Your instructions – Keep every line of the data below that has the string "textures" and present those lines.

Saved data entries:
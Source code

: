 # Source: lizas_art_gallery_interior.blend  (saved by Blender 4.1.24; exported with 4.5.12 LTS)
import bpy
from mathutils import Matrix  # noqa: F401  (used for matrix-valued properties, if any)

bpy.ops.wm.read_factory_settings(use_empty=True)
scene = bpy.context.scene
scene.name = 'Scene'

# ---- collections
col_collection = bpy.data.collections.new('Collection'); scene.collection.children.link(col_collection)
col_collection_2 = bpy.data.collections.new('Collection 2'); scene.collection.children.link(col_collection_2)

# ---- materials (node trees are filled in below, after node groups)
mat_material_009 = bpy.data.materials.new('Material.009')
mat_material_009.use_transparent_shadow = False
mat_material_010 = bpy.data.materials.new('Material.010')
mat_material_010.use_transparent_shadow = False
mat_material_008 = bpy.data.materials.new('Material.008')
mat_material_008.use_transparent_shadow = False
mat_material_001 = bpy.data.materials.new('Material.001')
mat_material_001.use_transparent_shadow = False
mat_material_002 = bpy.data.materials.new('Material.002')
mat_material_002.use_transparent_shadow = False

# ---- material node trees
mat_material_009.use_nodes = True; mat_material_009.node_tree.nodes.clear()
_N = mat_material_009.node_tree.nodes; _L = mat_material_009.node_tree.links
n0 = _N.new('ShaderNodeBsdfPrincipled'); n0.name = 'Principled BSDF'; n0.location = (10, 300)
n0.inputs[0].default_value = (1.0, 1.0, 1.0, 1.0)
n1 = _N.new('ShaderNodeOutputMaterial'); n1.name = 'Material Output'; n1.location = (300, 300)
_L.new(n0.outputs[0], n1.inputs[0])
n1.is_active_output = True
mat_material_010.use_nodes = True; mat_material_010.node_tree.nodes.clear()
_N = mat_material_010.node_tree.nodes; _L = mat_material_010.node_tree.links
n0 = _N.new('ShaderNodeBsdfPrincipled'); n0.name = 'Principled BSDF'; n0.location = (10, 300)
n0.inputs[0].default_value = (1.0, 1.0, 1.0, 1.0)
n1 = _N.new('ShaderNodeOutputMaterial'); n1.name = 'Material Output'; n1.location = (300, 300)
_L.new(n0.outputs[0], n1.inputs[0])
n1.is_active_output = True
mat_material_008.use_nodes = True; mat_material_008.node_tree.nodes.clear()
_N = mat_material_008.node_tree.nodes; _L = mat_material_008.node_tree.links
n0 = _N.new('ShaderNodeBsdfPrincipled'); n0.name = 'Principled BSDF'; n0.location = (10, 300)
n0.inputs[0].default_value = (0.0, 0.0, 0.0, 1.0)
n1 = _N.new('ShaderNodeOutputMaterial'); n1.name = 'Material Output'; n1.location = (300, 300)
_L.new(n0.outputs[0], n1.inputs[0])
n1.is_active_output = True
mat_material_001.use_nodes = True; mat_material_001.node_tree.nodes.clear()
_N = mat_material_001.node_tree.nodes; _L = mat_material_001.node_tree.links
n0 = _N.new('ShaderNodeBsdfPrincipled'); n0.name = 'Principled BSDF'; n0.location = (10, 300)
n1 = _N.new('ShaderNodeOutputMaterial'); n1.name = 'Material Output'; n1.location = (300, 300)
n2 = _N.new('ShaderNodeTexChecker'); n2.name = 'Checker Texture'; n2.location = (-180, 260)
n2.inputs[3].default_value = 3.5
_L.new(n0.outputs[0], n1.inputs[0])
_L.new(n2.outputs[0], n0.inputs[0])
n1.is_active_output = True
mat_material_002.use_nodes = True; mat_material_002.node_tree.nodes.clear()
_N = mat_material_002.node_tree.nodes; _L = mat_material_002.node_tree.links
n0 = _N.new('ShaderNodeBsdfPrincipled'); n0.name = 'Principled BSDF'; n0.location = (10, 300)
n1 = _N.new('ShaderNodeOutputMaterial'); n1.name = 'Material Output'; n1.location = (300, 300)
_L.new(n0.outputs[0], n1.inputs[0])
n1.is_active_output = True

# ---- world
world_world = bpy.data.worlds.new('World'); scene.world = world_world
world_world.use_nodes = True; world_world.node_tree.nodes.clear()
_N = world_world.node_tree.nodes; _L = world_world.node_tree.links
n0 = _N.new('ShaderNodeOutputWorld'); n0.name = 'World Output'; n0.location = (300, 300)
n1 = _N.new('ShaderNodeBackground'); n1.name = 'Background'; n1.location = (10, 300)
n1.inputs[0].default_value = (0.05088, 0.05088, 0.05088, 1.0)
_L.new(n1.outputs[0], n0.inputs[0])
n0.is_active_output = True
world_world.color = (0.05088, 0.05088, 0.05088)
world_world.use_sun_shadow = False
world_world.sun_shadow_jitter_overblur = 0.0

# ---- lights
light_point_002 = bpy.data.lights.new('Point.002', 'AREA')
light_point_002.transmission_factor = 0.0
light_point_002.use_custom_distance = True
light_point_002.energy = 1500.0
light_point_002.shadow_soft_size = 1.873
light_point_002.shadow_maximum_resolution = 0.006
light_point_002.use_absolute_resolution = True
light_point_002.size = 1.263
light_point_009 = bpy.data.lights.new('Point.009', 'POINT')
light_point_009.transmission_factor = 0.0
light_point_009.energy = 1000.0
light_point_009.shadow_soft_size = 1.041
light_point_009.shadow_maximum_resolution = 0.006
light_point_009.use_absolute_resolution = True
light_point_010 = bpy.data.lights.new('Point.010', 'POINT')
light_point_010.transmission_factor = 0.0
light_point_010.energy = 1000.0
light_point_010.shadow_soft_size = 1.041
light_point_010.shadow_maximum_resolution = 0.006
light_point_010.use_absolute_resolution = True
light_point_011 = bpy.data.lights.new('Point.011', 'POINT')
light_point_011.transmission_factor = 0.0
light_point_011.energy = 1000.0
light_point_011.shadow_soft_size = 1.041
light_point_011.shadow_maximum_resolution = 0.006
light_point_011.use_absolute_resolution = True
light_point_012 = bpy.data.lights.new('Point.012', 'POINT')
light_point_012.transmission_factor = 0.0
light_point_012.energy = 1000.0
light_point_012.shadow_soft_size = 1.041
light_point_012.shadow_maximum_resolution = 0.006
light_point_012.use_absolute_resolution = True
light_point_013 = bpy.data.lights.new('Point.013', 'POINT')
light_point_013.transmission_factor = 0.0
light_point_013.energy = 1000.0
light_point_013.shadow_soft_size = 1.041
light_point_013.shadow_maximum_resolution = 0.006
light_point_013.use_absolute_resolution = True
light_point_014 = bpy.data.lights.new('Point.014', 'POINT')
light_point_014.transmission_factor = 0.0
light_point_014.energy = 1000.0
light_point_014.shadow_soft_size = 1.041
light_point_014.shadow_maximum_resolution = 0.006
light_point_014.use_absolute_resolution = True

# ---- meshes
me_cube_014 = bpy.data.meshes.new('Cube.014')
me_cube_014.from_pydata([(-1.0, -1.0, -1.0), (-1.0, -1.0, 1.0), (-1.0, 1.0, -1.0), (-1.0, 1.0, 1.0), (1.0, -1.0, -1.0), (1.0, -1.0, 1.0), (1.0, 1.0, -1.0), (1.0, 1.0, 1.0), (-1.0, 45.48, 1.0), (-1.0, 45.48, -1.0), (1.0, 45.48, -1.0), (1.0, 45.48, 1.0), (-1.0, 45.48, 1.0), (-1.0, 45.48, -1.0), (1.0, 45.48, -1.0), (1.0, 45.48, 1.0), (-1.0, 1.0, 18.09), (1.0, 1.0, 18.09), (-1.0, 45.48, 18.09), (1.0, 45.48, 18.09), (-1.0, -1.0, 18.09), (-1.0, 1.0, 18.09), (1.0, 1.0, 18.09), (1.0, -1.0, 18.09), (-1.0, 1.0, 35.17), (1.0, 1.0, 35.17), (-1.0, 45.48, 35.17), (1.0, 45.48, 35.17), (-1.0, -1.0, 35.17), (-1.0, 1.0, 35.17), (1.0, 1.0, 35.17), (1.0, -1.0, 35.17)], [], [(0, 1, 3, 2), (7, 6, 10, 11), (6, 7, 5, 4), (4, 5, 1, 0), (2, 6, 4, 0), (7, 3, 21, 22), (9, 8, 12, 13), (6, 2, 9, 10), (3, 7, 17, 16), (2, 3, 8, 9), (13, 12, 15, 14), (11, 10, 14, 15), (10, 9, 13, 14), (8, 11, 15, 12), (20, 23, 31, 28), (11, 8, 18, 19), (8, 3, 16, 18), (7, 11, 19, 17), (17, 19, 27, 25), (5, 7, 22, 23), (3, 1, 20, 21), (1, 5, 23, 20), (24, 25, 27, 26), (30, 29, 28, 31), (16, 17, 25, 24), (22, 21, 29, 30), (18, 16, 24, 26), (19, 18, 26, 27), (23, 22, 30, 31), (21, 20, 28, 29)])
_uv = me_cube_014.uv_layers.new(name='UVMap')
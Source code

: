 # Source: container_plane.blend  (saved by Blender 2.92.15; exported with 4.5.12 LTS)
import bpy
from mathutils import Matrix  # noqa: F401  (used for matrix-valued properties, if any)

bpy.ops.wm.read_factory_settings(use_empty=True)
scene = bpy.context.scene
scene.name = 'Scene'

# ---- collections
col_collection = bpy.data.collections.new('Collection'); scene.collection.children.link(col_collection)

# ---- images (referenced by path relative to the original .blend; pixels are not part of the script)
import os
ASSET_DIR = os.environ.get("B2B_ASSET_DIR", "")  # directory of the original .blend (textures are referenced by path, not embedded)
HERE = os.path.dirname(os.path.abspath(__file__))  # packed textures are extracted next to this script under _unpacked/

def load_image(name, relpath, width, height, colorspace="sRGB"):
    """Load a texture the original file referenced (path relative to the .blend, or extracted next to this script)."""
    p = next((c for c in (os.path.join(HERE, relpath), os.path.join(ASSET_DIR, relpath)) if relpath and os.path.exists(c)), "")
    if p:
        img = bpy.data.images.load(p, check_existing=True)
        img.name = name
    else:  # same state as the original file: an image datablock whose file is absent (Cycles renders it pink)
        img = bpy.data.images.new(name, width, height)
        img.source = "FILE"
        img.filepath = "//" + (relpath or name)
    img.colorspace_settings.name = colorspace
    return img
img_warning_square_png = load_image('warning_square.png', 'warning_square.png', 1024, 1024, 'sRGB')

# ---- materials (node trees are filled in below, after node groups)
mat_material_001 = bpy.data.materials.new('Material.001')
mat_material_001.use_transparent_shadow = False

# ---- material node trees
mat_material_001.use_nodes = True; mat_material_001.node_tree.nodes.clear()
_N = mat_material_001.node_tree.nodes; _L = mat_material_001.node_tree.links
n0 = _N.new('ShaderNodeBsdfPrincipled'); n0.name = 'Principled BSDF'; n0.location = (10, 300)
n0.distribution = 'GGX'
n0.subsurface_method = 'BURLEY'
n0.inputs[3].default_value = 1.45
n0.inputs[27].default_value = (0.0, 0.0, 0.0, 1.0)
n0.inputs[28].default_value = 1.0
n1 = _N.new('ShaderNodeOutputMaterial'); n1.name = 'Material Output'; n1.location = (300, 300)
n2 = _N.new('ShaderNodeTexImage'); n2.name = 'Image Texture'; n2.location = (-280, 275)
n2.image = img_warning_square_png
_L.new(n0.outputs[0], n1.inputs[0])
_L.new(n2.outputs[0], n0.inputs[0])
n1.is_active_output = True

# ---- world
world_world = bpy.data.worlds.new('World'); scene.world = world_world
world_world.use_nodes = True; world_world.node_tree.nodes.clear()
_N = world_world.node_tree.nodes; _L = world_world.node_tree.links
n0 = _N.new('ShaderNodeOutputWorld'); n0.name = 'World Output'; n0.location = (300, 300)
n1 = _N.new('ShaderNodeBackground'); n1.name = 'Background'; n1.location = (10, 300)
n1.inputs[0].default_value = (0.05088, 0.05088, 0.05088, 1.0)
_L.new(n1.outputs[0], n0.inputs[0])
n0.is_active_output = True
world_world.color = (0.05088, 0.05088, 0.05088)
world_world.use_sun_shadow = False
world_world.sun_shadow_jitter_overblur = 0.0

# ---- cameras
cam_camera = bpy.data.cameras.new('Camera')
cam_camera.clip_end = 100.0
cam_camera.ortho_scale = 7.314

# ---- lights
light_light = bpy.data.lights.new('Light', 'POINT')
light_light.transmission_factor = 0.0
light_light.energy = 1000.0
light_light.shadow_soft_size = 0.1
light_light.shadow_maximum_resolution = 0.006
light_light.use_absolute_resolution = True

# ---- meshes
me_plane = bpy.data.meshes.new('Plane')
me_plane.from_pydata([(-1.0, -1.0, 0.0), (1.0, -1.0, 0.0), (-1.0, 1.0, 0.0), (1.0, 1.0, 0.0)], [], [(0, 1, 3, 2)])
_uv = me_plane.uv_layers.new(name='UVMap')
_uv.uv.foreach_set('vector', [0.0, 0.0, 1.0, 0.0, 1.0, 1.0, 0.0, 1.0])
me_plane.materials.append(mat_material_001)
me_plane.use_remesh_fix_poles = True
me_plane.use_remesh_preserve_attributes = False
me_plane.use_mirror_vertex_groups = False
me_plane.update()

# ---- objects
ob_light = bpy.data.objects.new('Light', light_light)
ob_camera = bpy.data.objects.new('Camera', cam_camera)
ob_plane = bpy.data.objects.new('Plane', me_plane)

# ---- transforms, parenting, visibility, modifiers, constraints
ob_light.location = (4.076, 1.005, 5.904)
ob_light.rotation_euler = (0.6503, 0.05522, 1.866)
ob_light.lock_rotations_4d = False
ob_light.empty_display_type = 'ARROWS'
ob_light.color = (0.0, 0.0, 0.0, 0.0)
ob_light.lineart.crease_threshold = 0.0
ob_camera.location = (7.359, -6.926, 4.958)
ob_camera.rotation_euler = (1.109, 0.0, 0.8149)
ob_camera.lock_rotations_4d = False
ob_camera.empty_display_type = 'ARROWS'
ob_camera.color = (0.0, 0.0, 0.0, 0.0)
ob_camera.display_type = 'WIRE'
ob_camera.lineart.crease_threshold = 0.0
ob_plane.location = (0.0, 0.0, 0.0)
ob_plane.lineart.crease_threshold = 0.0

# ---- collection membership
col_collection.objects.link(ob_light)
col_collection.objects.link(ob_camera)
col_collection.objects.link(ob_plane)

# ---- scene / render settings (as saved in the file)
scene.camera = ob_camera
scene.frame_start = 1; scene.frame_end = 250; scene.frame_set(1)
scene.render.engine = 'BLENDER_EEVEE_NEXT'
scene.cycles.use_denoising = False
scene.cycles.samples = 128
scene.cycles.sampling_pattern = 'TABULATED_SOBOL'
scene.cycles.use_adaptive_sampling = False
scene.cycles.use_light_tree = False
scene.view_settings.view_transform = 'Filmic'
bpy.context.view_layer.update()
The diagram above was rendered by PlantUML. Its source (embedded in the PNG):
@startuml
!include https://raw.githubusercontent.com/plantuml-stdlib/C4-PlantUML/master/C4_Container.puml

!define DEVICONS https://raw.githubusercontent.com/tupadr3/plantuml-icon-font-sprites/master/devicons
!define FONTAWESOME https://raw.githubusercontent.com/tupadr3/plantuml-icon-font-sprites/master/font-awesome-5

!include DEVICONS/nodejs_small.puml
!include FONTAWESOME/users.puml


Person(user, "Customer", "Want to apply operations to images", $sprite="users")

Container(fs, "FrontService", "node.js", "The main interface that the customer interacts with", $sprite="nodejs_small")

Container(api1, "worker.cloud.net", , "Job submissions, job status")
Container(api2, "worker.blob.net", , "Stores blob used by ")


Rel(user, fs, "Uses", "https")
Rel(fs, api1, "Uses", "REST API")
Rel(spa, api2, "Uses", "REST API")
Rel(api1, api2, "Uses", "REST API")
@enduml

Your response –
ASSET_DIR = os.environ.get("B2B_ASSET_DIR", "")  # directory of the original .blend (textures are referenced by path, not embedded)
HERE = os.path.dirname(os.path.abspath(__file__))  # packed textures are extracted next to this script under _unpacked/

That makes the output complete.